Work request: Counting only lines below that contain the string "mechanical", give the total as a single number.

--*--

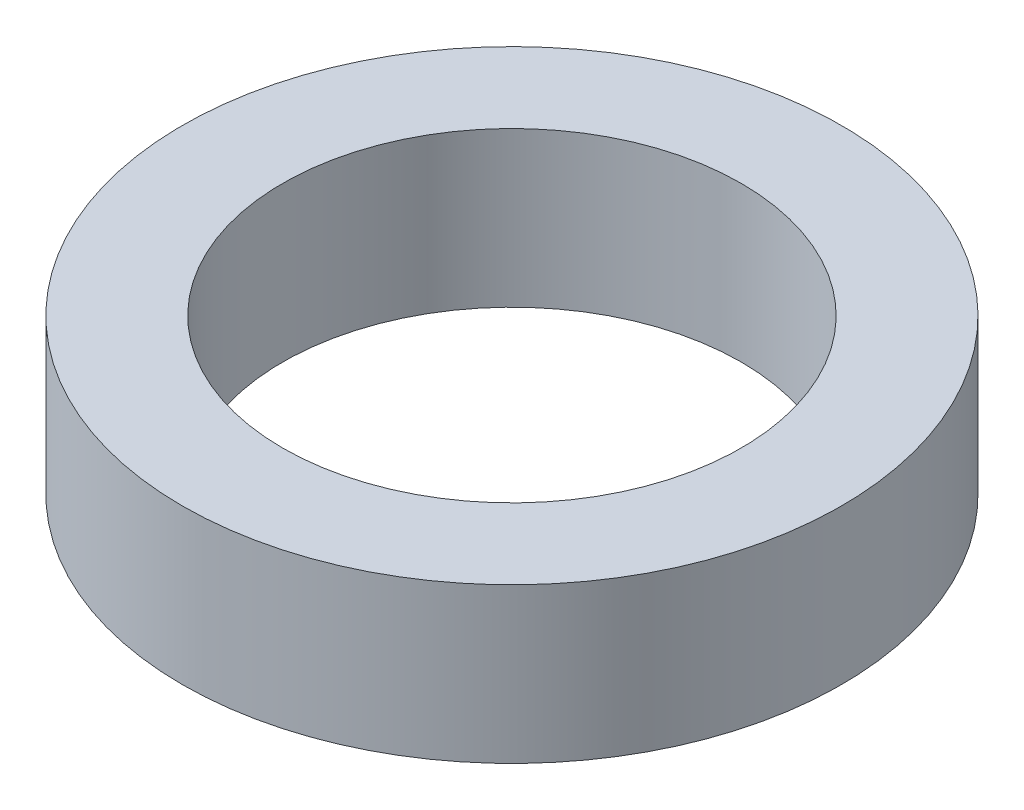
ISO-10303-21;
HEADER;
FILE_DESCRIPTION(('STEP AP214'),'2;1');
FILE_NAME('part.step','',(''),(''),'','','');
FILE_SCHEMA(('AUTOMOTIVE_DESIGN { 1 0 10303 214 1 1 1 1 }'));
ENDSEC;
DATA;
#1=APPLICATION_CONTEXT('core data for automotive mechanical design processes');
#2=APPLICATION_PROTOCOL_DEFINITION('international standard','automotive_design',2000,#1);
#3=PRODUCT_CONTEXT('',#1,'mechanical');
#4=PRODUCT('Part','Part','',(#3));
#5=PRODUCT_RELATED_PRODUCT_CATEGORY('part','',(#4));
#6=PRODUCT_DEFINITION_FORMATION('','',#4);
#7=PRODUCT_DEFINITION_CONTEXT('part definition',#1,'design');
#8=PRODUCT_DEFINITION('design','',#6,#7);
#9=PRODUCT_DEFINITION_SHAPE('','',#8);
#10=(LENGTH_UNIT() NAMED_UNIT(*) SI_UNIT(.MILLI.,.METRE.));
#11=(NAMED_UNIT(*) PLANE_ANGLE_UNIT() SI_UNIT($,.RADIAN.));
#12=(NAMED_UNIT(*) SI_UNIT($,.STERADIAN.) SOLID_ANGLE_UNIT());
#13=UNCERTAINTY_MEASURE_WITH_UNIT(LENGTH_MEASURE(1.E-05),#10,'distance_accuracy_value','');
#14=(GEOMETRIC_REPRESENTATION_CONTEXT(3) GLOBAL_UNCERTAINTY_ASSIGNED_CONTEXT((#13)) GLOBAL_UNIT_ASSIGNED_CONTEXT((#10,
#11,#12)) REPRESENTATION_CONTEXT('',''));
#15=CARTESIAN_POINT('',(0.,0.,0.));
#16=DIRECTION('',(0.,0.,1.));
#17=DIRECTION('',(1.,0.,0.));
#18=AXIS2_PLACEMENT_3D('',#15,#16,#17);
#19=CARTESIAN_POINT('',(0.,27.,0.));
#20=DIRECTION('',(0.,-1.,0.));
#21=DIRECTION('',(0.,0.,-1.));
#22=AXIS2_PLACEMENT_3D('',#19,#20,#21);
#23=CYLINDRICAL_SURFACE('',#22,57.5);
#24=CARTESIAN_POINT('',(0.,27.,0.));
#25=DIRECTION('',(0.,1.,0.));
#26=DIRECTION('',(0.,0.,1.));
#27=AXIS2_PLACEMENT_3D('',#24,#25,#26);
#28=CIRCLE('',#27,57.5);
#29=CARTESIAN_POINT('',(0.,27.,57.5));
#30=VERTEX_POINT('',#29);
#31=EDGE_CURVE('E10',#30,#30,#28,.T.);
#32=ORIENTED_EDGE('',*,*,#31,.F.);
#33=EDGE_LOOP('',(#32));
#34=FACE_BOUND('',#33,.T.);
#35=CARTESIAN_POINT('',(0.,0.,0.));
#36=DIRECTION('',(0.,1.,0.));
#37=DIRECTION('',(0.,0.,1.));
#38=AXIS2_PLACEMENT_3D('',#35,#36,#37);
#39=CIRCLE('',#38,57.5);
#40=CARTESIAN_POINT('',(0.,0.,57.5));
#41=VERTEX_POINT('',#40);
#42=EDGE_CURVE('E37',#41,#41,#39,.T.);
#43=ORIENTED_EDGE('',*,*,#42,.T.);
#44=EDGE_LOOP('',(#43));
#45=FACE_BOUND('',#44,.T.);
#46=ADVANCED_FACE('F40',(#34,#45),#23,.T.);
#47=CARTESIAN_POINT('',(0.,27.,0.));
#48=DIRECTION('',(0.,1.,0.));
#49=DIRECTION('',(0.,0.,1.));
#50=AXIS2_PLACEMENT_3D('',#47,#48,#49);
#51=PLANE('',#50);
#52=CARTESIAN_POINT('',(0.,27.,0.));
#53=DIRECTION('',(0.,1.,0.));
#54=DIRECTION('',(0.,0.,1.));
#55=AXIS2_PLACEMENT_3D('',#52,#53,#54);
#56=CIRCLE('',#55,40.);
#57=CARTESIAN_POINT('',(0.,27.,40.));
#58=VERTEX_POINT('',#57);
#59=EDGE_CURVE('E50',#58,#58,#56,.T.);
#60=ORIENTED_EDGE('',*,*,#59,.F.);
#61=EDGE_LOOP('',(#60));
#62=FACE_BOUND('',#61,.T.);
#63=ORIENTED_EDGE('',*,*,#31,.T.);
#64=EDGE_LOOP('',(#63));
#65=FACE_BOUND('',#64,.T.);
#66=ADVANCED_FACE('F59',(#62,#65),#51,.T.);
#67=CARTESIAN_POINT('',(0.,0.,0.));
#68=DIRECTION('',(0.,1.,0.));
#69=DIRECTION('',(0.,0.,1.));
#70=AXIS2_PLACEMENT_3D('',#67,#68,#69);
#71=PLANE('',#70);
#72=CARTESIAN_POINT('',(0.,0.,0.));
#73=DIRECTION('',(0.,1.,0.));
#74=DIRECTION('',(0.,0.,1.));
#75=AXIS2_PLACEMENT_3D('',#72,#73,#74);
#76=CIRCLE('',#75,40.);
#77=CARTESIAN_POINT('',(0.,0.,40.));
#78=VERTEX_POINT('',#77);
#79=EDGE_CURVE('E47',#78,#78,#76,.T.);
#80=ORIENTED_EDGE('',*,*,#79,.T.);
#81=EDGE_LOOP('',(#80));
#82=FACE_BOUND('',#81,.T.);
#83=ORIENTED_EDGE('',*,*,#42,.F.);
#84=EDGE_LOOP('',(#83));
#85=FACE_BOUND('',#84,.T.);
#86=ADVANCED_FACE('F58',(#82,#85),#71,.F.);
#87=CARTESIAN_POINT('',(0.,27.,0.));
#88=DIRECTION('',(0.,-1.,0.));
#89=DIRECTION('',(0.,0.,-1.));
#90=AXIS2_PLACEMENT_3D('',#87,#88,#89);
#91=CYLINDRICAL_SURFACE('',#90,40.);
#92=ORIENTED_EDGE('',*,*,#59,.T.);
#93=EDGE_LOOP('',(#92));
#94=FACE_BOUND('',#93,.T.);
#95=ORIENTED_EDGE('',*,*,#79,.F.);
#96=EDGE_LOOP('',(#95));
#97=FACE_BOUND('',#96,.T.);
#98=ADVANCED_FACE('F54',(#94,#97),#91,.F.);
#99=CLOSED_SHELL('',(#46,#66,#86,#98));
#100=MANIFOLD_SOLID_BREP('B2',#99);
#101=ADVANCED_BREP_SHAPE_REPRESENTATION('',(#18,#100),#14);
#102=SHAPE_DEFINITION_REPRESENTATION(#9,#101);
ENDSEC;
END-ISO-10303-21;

--*--

Exercise output: 2